# Special Ohio Early muzzleloader season



## fishwendel2 (Nov 19, 2007)

Question for everyone....how much pressure will the 3 areas get during the special early muzzleloader season here in Ohio? Does anyone have any stats on the #of muzzleloader hunters in Ohio? Personally since it's restricted to 3 areas I would think there would be a lot of pressure but just looking for some input. Thanks!


----------



## negs (May 25, 2010)

i hunted salt fork 2yrs ago on opening day and the place was a zoo i thought i would boat to my spot to get away from the crowds,didn't work heck we were lined up at the boat ramp and the hunting wasn't that good saw more orange than deer it might thin out by the end of the week i don't no, so bottom line IMO stay away from salt fork but i have heard that shawnee doesn't get hit that hard never hunted there early muzzleloader but i have hunted squirrel there and i can see why its pretty steep but if it was me thats where i would go plus its 3-4 times the size of salt fork


----------



## CasualFisherman (May 21, 2004)

Salt fork is by far the busiest. Wildcat hollow is 2nd and Shawnee 3rd. If you just want to get any deer, wildcat hollow had the best success rates per hunter (When you had to apply).
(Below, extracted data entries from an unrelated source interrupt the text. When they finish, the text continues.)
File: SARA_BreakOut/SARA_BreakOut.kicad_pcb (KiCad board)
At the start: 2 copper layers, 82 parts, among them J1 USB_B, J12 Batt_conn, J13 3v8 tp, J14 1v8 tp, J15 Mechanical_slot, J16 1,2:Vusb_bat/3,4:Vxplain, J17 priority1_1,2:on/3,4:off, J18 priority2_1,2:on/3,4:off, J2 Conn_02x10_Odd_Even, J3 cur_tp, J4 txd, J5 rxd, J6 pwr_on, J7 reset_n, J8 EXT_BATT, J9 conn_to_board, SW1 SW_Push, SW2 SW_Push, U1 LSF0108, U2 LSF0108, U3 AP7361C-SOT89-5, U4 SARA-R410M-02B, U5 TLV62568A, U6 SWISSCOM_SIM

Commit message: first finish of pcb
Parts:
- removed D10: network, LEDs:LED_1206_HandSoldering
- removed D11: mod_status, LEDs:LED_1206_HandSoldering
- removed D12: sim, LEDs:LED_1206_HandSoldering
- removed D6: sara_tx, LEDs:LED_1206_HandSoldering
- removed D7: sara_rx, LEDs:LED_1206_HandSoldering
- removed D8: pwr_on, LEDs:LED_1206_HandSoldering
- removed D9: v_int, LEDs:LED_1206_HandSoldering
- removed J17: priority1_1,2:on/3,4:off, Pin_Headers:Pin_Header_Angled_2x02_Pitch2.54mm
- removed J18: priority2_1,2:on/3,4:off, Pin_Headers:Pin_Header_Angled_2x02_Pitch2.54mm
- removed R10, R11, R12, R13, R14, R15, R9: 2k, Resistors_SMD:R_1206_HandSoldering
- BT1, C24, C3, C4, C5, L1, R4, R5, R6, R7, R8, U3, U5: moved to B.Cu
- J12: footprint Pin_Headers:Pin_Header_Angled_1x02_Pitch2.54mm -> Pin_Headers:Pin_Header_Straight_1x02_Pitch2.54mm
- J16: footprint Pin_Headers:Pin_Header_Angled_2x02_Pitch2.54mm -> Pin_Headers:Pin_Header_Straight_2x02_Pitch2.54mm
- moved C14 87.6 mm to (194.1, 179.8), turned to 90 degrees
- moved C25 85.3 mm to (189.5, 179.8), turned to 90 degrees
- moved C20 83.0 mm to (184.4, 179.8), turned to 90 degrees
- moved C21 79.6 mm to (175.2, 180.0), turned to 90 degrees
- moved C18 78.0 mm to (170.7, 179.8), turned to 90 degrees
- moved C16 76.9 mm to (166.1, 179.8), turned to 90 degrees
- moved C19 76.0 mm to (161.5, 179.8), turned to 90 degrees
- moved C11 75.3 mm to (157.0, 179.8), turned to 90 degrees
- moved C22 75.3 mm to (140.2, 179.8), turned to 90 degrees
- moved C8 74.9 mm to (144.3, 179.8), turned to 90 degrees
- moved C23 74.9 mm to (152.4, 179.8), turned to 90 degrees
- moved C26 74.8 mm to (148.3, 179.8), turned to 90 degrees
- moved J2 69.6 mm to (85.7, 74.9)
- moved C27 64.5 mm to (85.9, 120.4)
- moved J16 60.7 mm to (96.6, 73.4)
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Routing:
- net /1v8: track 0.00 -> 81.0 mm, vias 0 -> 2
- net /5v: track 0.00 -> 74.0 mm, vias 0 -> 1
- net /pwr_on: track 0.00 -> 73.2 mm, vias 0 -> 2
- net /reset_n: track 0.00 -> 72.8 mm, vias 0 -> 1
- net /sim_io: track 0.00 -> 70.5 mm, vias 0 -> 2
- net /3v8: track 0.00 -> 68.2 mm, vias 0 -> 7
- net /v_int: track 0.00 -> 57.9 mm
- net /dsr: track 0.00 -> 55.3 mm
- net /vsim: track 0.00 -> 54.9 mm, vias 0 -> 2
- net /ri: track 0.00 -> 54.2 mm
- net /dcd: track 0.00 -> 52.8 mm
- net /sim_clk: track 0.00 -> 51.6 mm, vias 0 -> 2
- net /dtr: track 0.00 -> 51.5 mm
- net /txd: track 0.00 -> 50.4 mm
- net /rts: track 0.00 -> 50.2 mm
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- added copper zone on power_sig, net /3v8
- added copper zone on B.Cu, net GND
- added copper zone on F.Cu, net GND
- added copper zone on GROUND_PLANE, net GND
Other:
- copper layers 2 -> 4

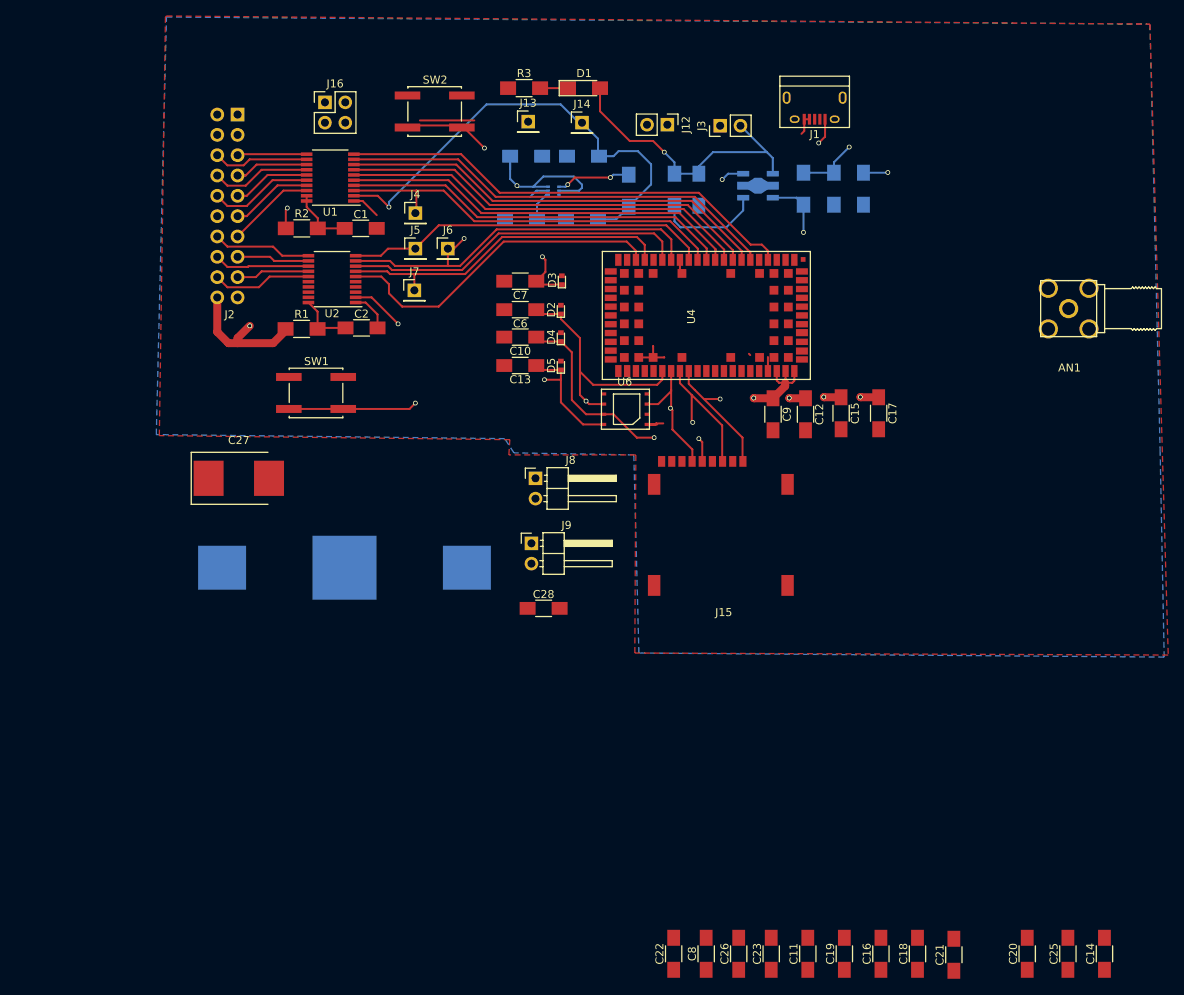
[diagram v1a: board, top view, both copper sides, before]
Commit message: pcb trimmed and shrinked
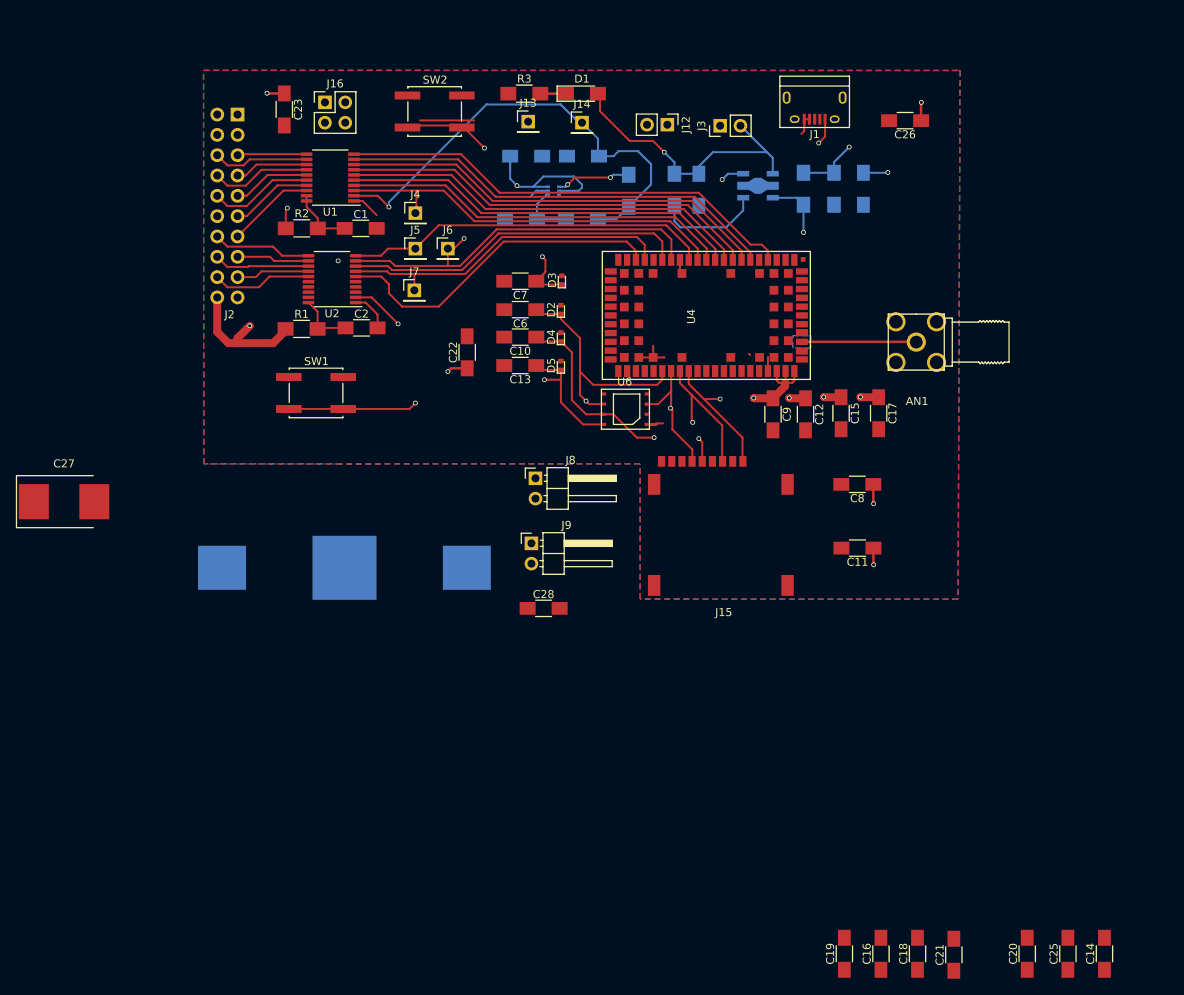
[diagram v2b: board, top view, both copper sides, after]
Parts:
- moved C23 121.8 mm to (91.5, 74.3), turned to 270 degrees
- moved C26 106.2 mm to (169.1, 75.7), turned to 180 degrees
- moved C22 79.5 mm to (114.4, 104.6)
- moved C8 61.6 mm to (163.2, 121.2), turned to 180 degrees
- moved C11 51.1 mm to (163.2, 129.1), turned to 180 degrees
- moved C27 22.0 mm to (64.0, 123.3)
- moved AN1 19.5 mm to (170.5, 103.4)
- moved D1 0.74 mm to (128.7, 72.3)
- moved R3 0.69 mm to (121.5, 72.3)
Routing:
- net Net-(AN1-Pad1): track 0.00 -> 14.4 mm
- net /3v8: track 68.2 -> 79.8 mm, vias 7 -> 12
- net (no net): vias 0 -> 1
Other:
- net class antenna added: clearance 0.25, trace_width 0.326, via_dia 0.6, via_drill 0.4

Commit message: final version 1
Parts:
- removed C14, C16, C18, C19: 10nF, Capacitors_SMD:C_1206_HandSoldering
- removed C20, C21, C25: 0.1uF, Capacitors_SMD:C_1206_HandSoldering
- added REF**: via_stitch, via_stitch:via_stitch, F.Cu at (97.9, 84.9)
- added REF**: via_stitch, via_stitch:via_stitch, F.Cu at (159.7, 104.6)
- added REF**: via_stitch, via_stitch:via_stitch, F.Cu at (171.9, 89.6)
- added REF**: via_stitch, via_stitch:via_stitch, F.Cu at (168.9, 91.1)
- added REF**: via_stitch, via_stitch:via_stitch, F.Cu at (165.9, 89.6)
- added REF**: via_stitch, via_stitch:via_stitch, F.Cu at (174.1, 115.7)
- added REF**: via_stitch, via_stitch:via_stitch, F.Cu at (174.1, 112.7)
- added REF**: via_stitch, via_stitch:via_stitch, F.Cu at (172.1, 114.2)
- added REF**: via_stitch, via_stitch:via_stitch, F.Cu at (169.1, 112.7)
- added REF**: via_stitch, via_stitch:via_stitch, F.Cu at (174.1, 109.7)
- added REF**: via_stitch, via_stitch:via_stitch, F.Cu at (172.1, 111.2)
- added REF**: via_stitch, via_stitch:via_stitch, F.Cu at (174.2, 132.3)
- added REF**: via_stitch, via_stitch:via_stitch, F.Cu at (173.1, 92.5)
- added REF**: via_stitch, via_stitch:via_stitch, F.Cu at (171.2, 133.8)
- added REF**: via_stitch, via_stitch:via_stitch, F.Cu at (174.2, 129.3)
- added REF**: via_stitch, via_stitch:via_stitch, F.Cu at (171.2, 130.8)
- added REF**: via_stitch, via_stitch:via_stitch, F.Cu at (168.2, 129.3)
- added REF**: via_stitch, via_stitch:via_stitch, F.Cu at (174.2, 126.3)
- added REF**: via_stitch, via_stitch:via_stitch, F.Cu at (171.2, 127.8)
- added REF**: via_stitch, via_stitch:via_stitch, F.Cu at (168.2, 126.3)
- added REF**: via_stitch, via_stitch:via_stitch, F.Cu at (174.2, 123.3)
- added REF**: via_stitch, via_stitch:via_stitch, F.Cu at (168.2, 123.3)
- added REF**: via_stitch, via_stitch:via_stitch, F.Cu at (174.2, 120.3)
- added REF**: via_stitch, via_stitch:via_stitch, F.Cu at (170.1, 79.7)
- added REF**: via_stitch, via_stitch:via_stitch, F.Cu at (171.2, 121.8)
- added REF**: via_stitch, via_stitch:via_stitch, F.Cu at (168.2, 120.3)
- added REF**: via_stitch, via_stitch:via_stitch, F.Cu at (171.2, 118.8)
- added REF**: via_stitch, via_stitch:via_stitch, F.Cu at (168.0, 101.6)
- added REF**: via_stitch, via_stitch:via_stitch, F.Cu at (163.7, 107.8)
- added REF**: via_stitch, via_stitch:via_stitch, F.Cu at (157.8, 107.4)
- added REF**: via_stitch, via_stitch:via_stitch, F.Cu at (160.1, 107.8)
- added REF**: via_stitch, via_stitch:via_stitch, F.Cu at (163.7, 106.0)
- added REF**: via_stitch, via_stitch:via_stitch, F.Cu at (161.9, 106.9)
- added REF**: via_stitch, via_stitch:via_stitch, F.Cu at (165.6, 104.5)
- added REF**: via_stitch, via_stitch:via_stitch, F.Cu at (173.7, 80.1)
- added REF**: via_stitch, via_stitch:via_stitch, F.Cu at (164.6, 104.5)
- added REF**: via_stitch, via_stitch:via_stitch, F.Cu at (168.2, 117.3)
- added REF**: via_stitch, via_stitch:via_stitch, F.Cu at (169.1, 109.7)
- added REF**: via_stitch, via_stitch:via_stitch, F.Cu at (163.6, 104.6)
- added REF**: via_stitch, via_stitch:via_stitch, F.Cu at (162.6, 104.5)
- added REF**: via_stitch, via_stitch:via_stitch, F.Cu at (161.7, 104.5)
- added REF**: via_stitch, via_stitch:via_stitch, F.Cu at (160.7, 104.5)
- added REF**: via_stitch, via_stitch:via_stitch, F.Cu at (158.7, 104.6)
- added REF**: via_stitch, via_stitch:via_stitch, F.Cu at (158.3, 102.1)
- added REF**: via_stitch, via_stitch:via_stitch, F.Cu at (160.3, 102.1)
- added REF**: via_stitch, via_stitch:via_stitch, F.Cu at (170.8, 83.0)
- added REF**: via_stitch, via_stitch:via_stitch, F.Cu at (161.3, 102.2)
- added REF**: via_stitch, via_stitch:via_stitch, F.Cu at (162.3, 102.2)
- added REF**: via_stitch, via_stitch:via_stitch, F.Cu at (163.3, 102.2)
- added REF**: via_stitch, via_stitch:via_stitch, F.Cu at (164.2, 102.2)
- added REF**: via_stitch, via_stitch:via_stitch, F.Cu at (165.2, 102.2)
- added REF**: via_stitch, via_stitch:via_stitch, F.Cu at (166.2, 102.2)
- added REF**: via_stitch, via_stitch:via_stitch, F.Cu at (160.1, 106.0)
- added REF**: via_stitch, via_stitch:via_stitch, F.Cu at (138.2, 97.6)
- added REF**: via_stitch, via_stitch:via_stitch, F.Cu at (173.1, 84.8)
- added REF**: via_stitch, via_stitch:via_stitch, F.Cu at (168.9, 86.8)
- added REF**: via_stitch, via_stitch:via_stitch, F.Cu at (160.8, 99.3)
- added REF**: via_stitch, via_stitch:via_stitch, F.Cu at (102.7, 116.8)
- added REF**: via_stitch, via_stitch:via_stitch, F.Cu at (98.0, 116.0)
- added REF**: via_stitch, via_stitch:via_stitch, F.Cu at (96.6, 83.4)
- added REF**: via_stitch, via_stitch:via_stitch, F.Cu at (90.8, 116.7)
- added REF**: via_stitch, via_stitch:via_stitch, F.Cu at (84.3, 115.2)
- added REF**: via_stitch, via_stitch:via_stitch, F.Cu at (87.9, 113.0)
- added REF**: via_stitch, via_stitch:via_stitch, F.Cu at (83.1, 110.9)
- added REF**: via_stitch, via_stitch:via_stitch, F.Cu at (86.0, 109.7)
- added REF**: via_stitch, via_stitch:via_stitch, F.Cu at (87.9, 107.0)
- added REF**: via_stitch, via_stitch:via_stitch, F.Cu at (84.1, 106.9)
- added REF**: via_stitch, via_stitch:via_stitch, F.Cu at (107.0, 115.4)
- added REF**: via_stitch, via_stitch:via_stitch, F.Cu at (102.9, 114.2)
- added REF**: via_stitch, via_stitch:via_stitch, F.Cu at (103.1, 108.9)
- added REF**: via_stitch, via_stitch:via_stitch, F.Cu at (98.1, 82.0)
- added REF**: via_stitch, via_stitch:via_stitch, F.Cu at (106.2, 107.5)
- added REF**: via_stitch, via_stitch:via_stitch, F.Cu at (110.0, 102.6)
- added REF**: via_stitch, via_stitch:via_stitch, F.Cu at (103.6, 104.8)
- added REF**: via_stitch, via_stitch:via_stitch, F.Cu at (134.9, 111.8)
- added REF**: via_stitch, via_stitch:via_stitch, F.Cu at (133.8, 110.4)
- added REF**: via_stitch, via_stitch:via_stitch, F.Cu at (123.7, 116.1)
- added REF**: via_stitch, via_stitch:via_stitch, F.Cu at (117.3, 116.1)
- added REF**: via_stitch, via_stitch:via_stitch, F.Cu at (110.9, 116.1)
- added REF**: via_stitch, via_stitch:via_stitch, F.Cu at (123.7, 112.9)
- added REF**: via_stitch, via_stitch:via_stitch, F.Cu at (120.5, 114.5)
- added REF**: via_stitch, via_stitch:via_stitch, F.Cu at (96.8, 80.3)
- added REF**: via_stitch, via_stitch:via_stitch, F.Cu at (117.3, 112.9)
- added REF**: via_stitch, via_stitch:via_stitch, F.Cu at (114.1, 114.5)
- added REF**: via_stitch, via_stitch:via_stitch, F.Cu at (110.9, 112.9)
- added REF**: via_stitch, via_stitch:via_stitch, F.Cu at (120.5, 111.3)
- added REF**: via_stitch, via_stitch:via_stitch, F.Cu at (114.1, 111.3)
- added REF**: via_stitch, via_stitch:via_stitch, F.Cu at (110.9, 109.7)
- added REF**: via_stitch, via_stitch:via_stitch, F.Cu at (150.3, 100.6)
- added REF**: via_stitch, via_stitch:via_stitch, F.Cu at (147.5, 102.2)
- added REF**: via_stitch, via_stitch:via_stitch, F.Cu at (144.4, 100.7)
- added REF**: via_stitch, via_stitch:via_stitch, F.Cu at (141.3, 102.2)
- added REF**: via_stitch, via_stitch:via_stitch, F.Cu at (98.0, 97.6)
- added REF**: via_stitch, via_stitch:via_stitch, F.Cu at (138.2, 100.7)
- added REF**: via_stitch, via_stitch:via_stitch, F.Cu at (150.3, 97.5)
- added REF**: via_stitch, via_stitch:via_stitch, F.Cu at (147.5, 99.1)
- added REF**: via_stitch, via_stitch:via_stitch, F.Cu at (144.4, 97.6)
- added REF**: via_stitch, via_stitch:via_stitch, F.Cu at (141.3, 99.1)
- added REF**: via_stitch, via_stitch:via_stitch, F.Cu at (152.3, 132.8)
- added REF**: via_stitch, via_stitch:via_stitch, F.Cu at (149.3, 134.3)
- added REF**: via_stitch, via_stitch:via_stitch, F.Cu at (146.3, 132.8)
- added REF**: via_stitch, via_stitch:via_stitch, F.Cu at (143.3, 134.3)
- added REF**: via_stitch, via_stitch:via_stitch, F.Cu at (140.3, 132.8)
- added REF**: via_stitch, via_stitch:via_stitch, F.Cu at (96.7, 95.9)
- added REF**: via_stitch, via_stitch:via_stitch, F.Cu at (152.3, 129.8)
- added REF**: via_stitch, via_stitch:via_stitch, F.Cu at (149.3, 131.3)
- added REF**: via_stitch, via_stitch:via_stitch, F.Cu at (146.3, 129.8)
- added REF**: via_stitch, via_stitch:via_stitch, F.Cu at (140.3, 129.8)
- added REF**: via_stitch, via_stitch:via_stitch, F.Cu at (152.3, 126.8)
- added REF**: via_stitch, via_stitch:via_stitch, F.Cu at (146.3, 126.8)
- added REF**: via_stitch, via_stitch:via_stitch, F.Cu at (143.3, 128.3)
- added REF**: via_stitch, via_stitch:via_stitch, F.Cu at (140.3, 126.8)
- added REF**: via_stitch, via_stitch:via_stitch, F.Cu at (152.3, 123.8)
- added REF**: via_stitch, via_stitch:via_stitch, F.Cu at (149.3, 125.3)
- added REF**: via_stitch, via_stitch:via_stitch, F.Cu at (98.3, 94.3)
- added REF**: via_stitch, via_stitch:via_stitch, F.Cu at (146.3, 123.8)
- added REF**: via_stitch, via_stitch:via_stitch, F.Cu at (143.3, 125.3)
- added REF**: via_stitch, via_stitch:via_stitch, F.Cu at (140.3, 123.8)
- added REF**: via_stitch, via_stitch:via_stitch, F.Cu at (152.3, 120.8)
- added REF**: via_stitch, via_stitch:via_stitch, F.Cu at (146.3, 120.8)
- added REF**: via_stitch, via_stitch:via_stitch, F.Cu at (140.3, 120.8)
- added REF**: via_stitch, via_stitch:via_stitch, F.Cu at (151.6, 118.5)
- added REF**: via_stitch, via_stitch:via_stitch, F.Cu at (154.8, 117.6)
- added REF**: via_stitch, via_stitch:via_stitch, F.Cu at (167.3, 134.4)
- added REF**: via_stitch, via_stitch:via_stitch, F.Cu at (164.2, 133.4)
- added REF**: via_stitch, via_stitch:via_stitch, F.Cu at (96.9, 93.0)
- added REF**: via_stitch, via_stitch:via_stitch, F.Cu at (165.1, 125.9)
- added REF**: via_stitch, via_stitch:via_stitch, F.Cu at (161.1, 125.7)
- added REF**: via_stitch, via_stitch:via_stitch, F.Cu at (165.1, 117.5)
- added REF**: via_stitch, via_stitch:via_stitch, F.Cu at (161.2, 117.5)
- added REF**: via_stitch, via_stitch:via_stitch, F.Cu at (160.6, 133.6)
- added REF**: via_stitch, via_stitch:via_stitch, F.Cu at (157.9, 132.6)
- added REF**: via_stitch, via_stitch:via_stitch, F.Cu at (157.9, 129.6)
- added REF**: via_stitch, via_stitch:via_stitch, F.Cu at (157.9, 126.6)
- added REF**: via_stitch, via_stitch:via_stitch, F.Cu at (157.9, 123.6)
- added REF**: via_stitch, via_stitch:via_stitch, F.Cu at (157.9, 120.6)
- added REF**: via_stitch, via_stitch:via_stitch, F.Cu at (159.3, 102.1)
- added REF**: via_stitch, via_stitch:via_stitch, F.Cu at (157.9, 117.6)
- added REF**: via_stitch, via_stitch:via_stitch, F.Cu at (171.9, 95.6)
- added REF**: via_stitch, via_stitch:via_stitch, F.Cu at (168.9, 97.1)
- added REF**: via_stitch, via_stitch:via_stitch, F.Cu at (165.9, 95.6)
- added REF**: via_stitch, via_stitch:via_stitch, F.Cu at (162.9, 97.1)
- added REF**: via_stitch, via_stitch:via_stitch, F.Cu at (159.9, 95.6)
- added REF**: via_stitch, via_stitch:via_stitch, F.Cu at (168.9, 94.1)
- added REF**: via_stitch, via_stitch:via_stitch, F.Cu at (165.9, 92.6)
- added REF**: via_stitch, via_stitch:via_stitch, F.Cu at (162.9, 94.1)
- added REF**: via_stitch, via_stitch:via_stitch, F.Cu at (159.9, 92.6)
- J8, J9: footprint Pin_Headers:Pin_Header_Angled_1x02_Pitch2.54mm -> Pin_Headers:Pin_Header_Straight_1x02_Pitch2.54mm
- moved J9 38.8 mm to (83.7, 128.0), turned to 180 degrees
- moved C27 37.5 mm to (101.3, 127.9), turned to 270 degrees
- moved C28 13.2 mm to (114.0, 128.0), turned to 90 degrees
- moved J8 11.1 mm to (131.3, 127.7), turned to 180 degrees
- moved BT1 10.7 mm to (108.6, 126.6)
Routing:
- net /Batt_and_LEDs/BATT_GND: track 0.00 -> 27.0 mm, vias 0 -> 2
- net /Batt_and_LEDs/BATT_V: track 0.00 -> 18.1 mm
- net /sim_clk: track 51.6 -> 52.6 mm
- net Net-(C2-Pad1): track 7.32 -> 7.97 mm
- net (no net): vias 1 -> 4
- added copper zone on B.Cu, net /Batt_and_LEDs/BATT_GND
- added copper zone on F.Cu, net /Batt_and_LEDs/BATT_V

If you are hunting big horns, I would go to Shawnee. Talking to the ranger at wildcat hollow, there were not many deer checked that would clear the 100" mark last year. Most were 2 yr olds. Hunting the WNF portion of Wildcat hollow you can easily find a spot to get away from crowds but the deer are more sparse. Shawnee is even sparser but your best bet to get a bruiser. Terrain is hell and the deer are much less dense but you can easily find plenty of land to yourself. I rarely see another hunter in the woods down there as long as you get away from the campground. I have seen some huge deer on this hunt. I am sure it would be a battle to get the deer out of some of that area too.


----------



## Muskynut13 (Dec 21, 2008)

I have 180 acres that borders Shawnee, and have a trail cam that catches the deer as they travel between the two properties. I hunt the property line every year and usually get a deer. If I were someone that wanted to hunt there I would try out the field edges on odle creek or forest roads 1&6


----------